(Source data)
************

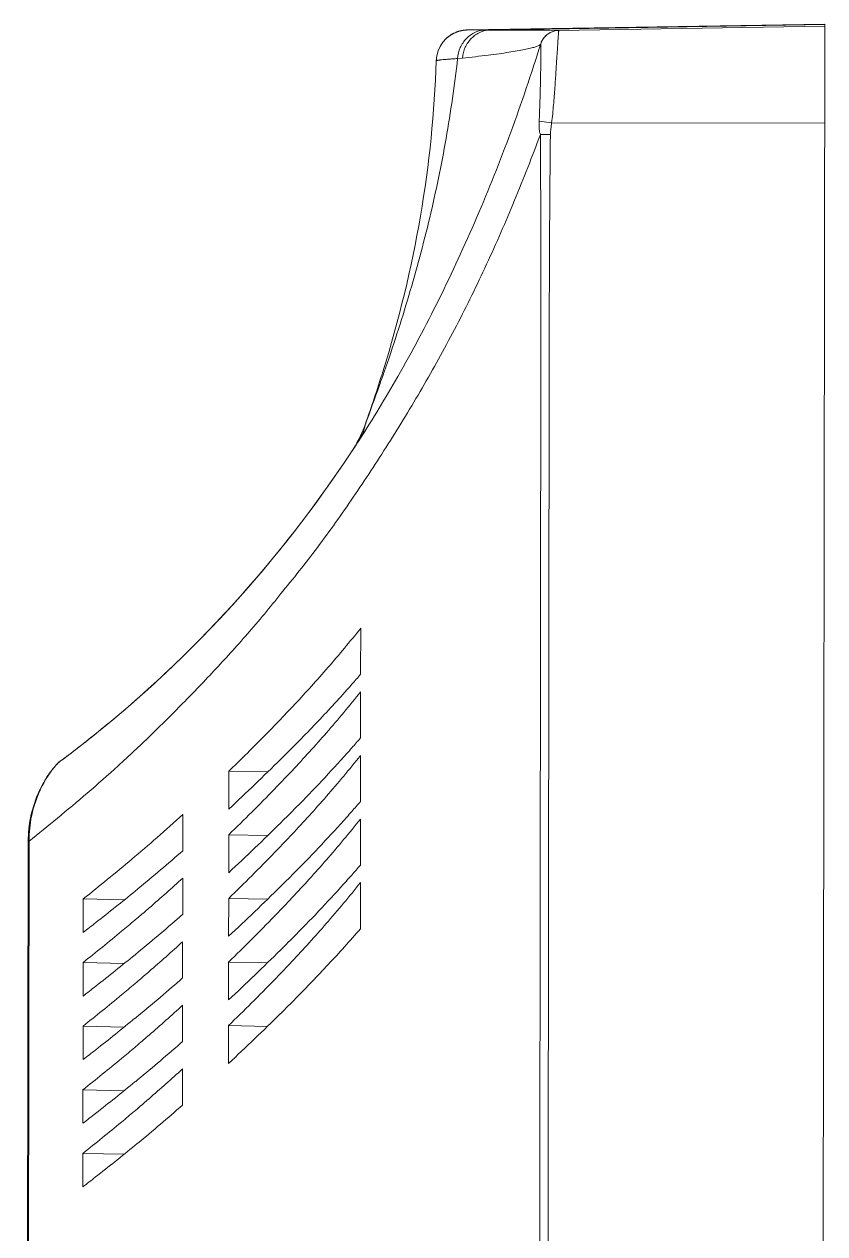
# Model space of a CAD drawing. Header units: millimetres. Extents: x -71336 to -35435, y -26189 to 22712.
# Drawn here: x -68773.88 to -68741.95, y -2098.15 to -2049.89 of the extents above; entities that cross this region are included whole.
import ezdxf

# ---------------------------------------------------------------- set-up
doc = ezdxf.new("R2010")
doc.units = ezdxf.units.MM
doc.layers.add('SC - Equipment', color=7, linetype='Continuous', lineweight=13)

# ---------------------------------------------------------------- blocks, each defined once
blk = doc.blocks.new('*U95')
at = {"layer": 'SC - Equipment', "color": 6}
for p, q in [((-31.733, -96.518), (-31.733, 96.515)), ((-31.733, 96.515), (-24.208, 96.384)), ((-18.409, 96.266), (-31.733, 96.498)), ((-21.126, 96.254), (-31.733, 96.44)), ((-17.481, 96.266), (-24.208, 96.384)), ((-21.141, 96.255), (-20.539, 96.259)), ((-21.129, 96.255), (-21.141, 96.255)), ((-21.128, 96.255), (-21.128, 96.255)), ((-20.539, 96.259), (-20.288, 96.26)), ((-20.288, 96.26), (-18.409, 96.266)), ((-18.217, 96.266), (-17.481, 96.266)), ((-17.481, 96.266), (-17.481, 96.266)), ((-17.296, 96.249), (-17.308, 96.251)), ((-20.419, 95.755), (-20.404, 95.71)), ((-20.404, 95.71), (-20.404, 95.709)), ((-17.289, 95.145), (-17.093, 95.125)), ((-16.235, 95.034), (-16.235, 95.034)), ((-31.733, 92.565), (-20.845, 92.565)), ((-20.845, 92.565), (-20.347, 92.634)), ((-20.796, 92.097), (-20.395, 92.098)), ((-13.416, 80.5), (-13.418, 80.51)), ((-12.857, 79.396), (-12.871, 79.417)), ((-13.255, 70.555), (-13.255, 72.394)), ((-13.255, 68.017), (-13.255, 69.857)), ((-2.69, 68.169), (-2.686, 68.165)), ((-2.627, 68.118), (-2.69, 68.169)), ((-2.686, 68.165), (-2.627, 68.118)), ((-2.137, 67.729), (-2.178, 67.761)), ((-13.255, 65.48), (-13.255, 67.319)), ((-1.738, 67.42), (-1.763, 67.44)), ((-1.694, 67.386), (-1.738, 67.42)), ((-1.632, 67.339), (-1.694, 67.386)), ((-1.497, 67.237), (-1.435, 67.19)), ((-1.435, 67.19), (-1.431, 67.187)), ((-1.427, 67.184), (-1.431, 67.187)), ((-1.353, 67.128), (-1.427, 67.184)), ((-1.309, 67.096), (-1.353, 67.128)), ((-1.293, 67.084), (-1.255, 67.054)), ((-10.524, 66.705), (-10.444, 66.619)), ((-8.002, 66.684), (-9.556, 66.656)), ((-8.002, 65.172), (-8.002, 66.684)), ((-0.62, 66.2), (-0.608, 66.204)), ((-0.208, 65.258), (-0.322, 65.595)), ((-0.123, 64.932), (-0.208, 65.258)), ((-13.255, 62.942), (-13.255, 64.781)), ((-6.169, 63.509), (-6.169, 64.954)), ((0, 63.876), (-0.015, 64.237)), ((-10.524, 64.167), (-10.444, 64.081)), ((-8.002, 64.146), (-9.556, 64.119)), ((-8.002, 62.634), (-8.002, 64.146)), ((-0.037, 63.876), (-0.037, -63.876)), ((0, 63.876), (-0.037, 63.876)), ((0, 63.876), (0, -63.876)), ((-6.169, 60.971), (-6.169, 62.416)), ((-13.255, 60.404), (-13.255, 62.243)), ((-10.524, 61.629), (-10.444, 61.544)), ((-8.002, 61.608), (-9.556, 61.581)), ((-8.002, 60.096), (-8.002, 61.608)), ((-2.201, 61.582), (-3.843, 61.545)), ((-2.201, 60.244), (-2.201, 61.582)), ((-6.169, 58.433), (-6.169, 59.879)), ((-10.524, 59.092), (-10.444, 59.006)), ((-8.002, 59.07), (-9.556, 59.043)), ((-8.002, 57.558), (-8.002, 59.07)), ((-2.201, 59.044), (-3.843, 59.007)), ((-2.201, 57.706), (-2.201, 59.044)), ((-6.169, 55.895), (-6.169, 57.341)), ((-8.002, 56.533), (-9.556, 56.505)), ((-8.002, 55.02), (-8.002, 56.533)), ((-2.201, 56.506), (-3.843, 56.469)), ((-2.201, 55.169), (-2.201, 56.506)), ((-6.169, 53.357), (-6.169, 54.803)), ((-2.201, 53.968), (-3.843, 53.932)), ((-2.201, 52.631), (-2.201, 53.968)), ((-2.201, 51.43), (-3.843, 51.394)), ((-2.201, 50.093), (-2.201, 51.43))]:
    blk.add_line(p, q, dxfattribs=at)
for points in [[(-20.531, 95.955), (-20.538, 95.964), (-20.546, 95.974), (-20.555, 95.985), (-20.564, 95.995), (-20.573, 96.005), (-20.582, 96.015), (-20.591, 96.024), (-20.599, 96.032), (-20.608, 96.04), (-20.616, 96.048), (-20.624, 96.055), (-20.632, 96.063), (-20.64, 96.07), (-20.648, 96.076), (-20.656, 96.083), (-20.664, 96.089), (-20.671, 96.095), (-20.678, 96.1), (-20.685, 96.105), (-20.688, 96.107)], [(-17.152, 96.217), (-17.195, 96.228), (-17.235, 96.238), (-17.273, 96.245), (-17.305, 96.251), (-17.335, 96.255), (-17.366, 96.259), (-17.401, 96.262), (-17.439, 96.265), (-17.481, 96.266)], [(-17.358, 96.258), (-17.371, 96.259), (-17.383, 96.261)], [(-17.321, 96.253), (-17.334, 96.255), (-17.346, 96.257)], [(-17.257, 96.242), (-17.27, 96.245), (-17.283, 96.247)], [(-17.217, 96.234), (-17.231, 96.237), (-17.244, 96.24)], [(-17.177, 96.224), (-17.191, 96.227), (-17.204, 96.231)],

************

→ Task details
Gather each line of the records holding the string "color".

→ Expected answer
doc.layers.add('SC - Equipment', color=7, linetype='Continuous', lineweight=13)
at = {"layer": 'SC - Equipment', "color": 6}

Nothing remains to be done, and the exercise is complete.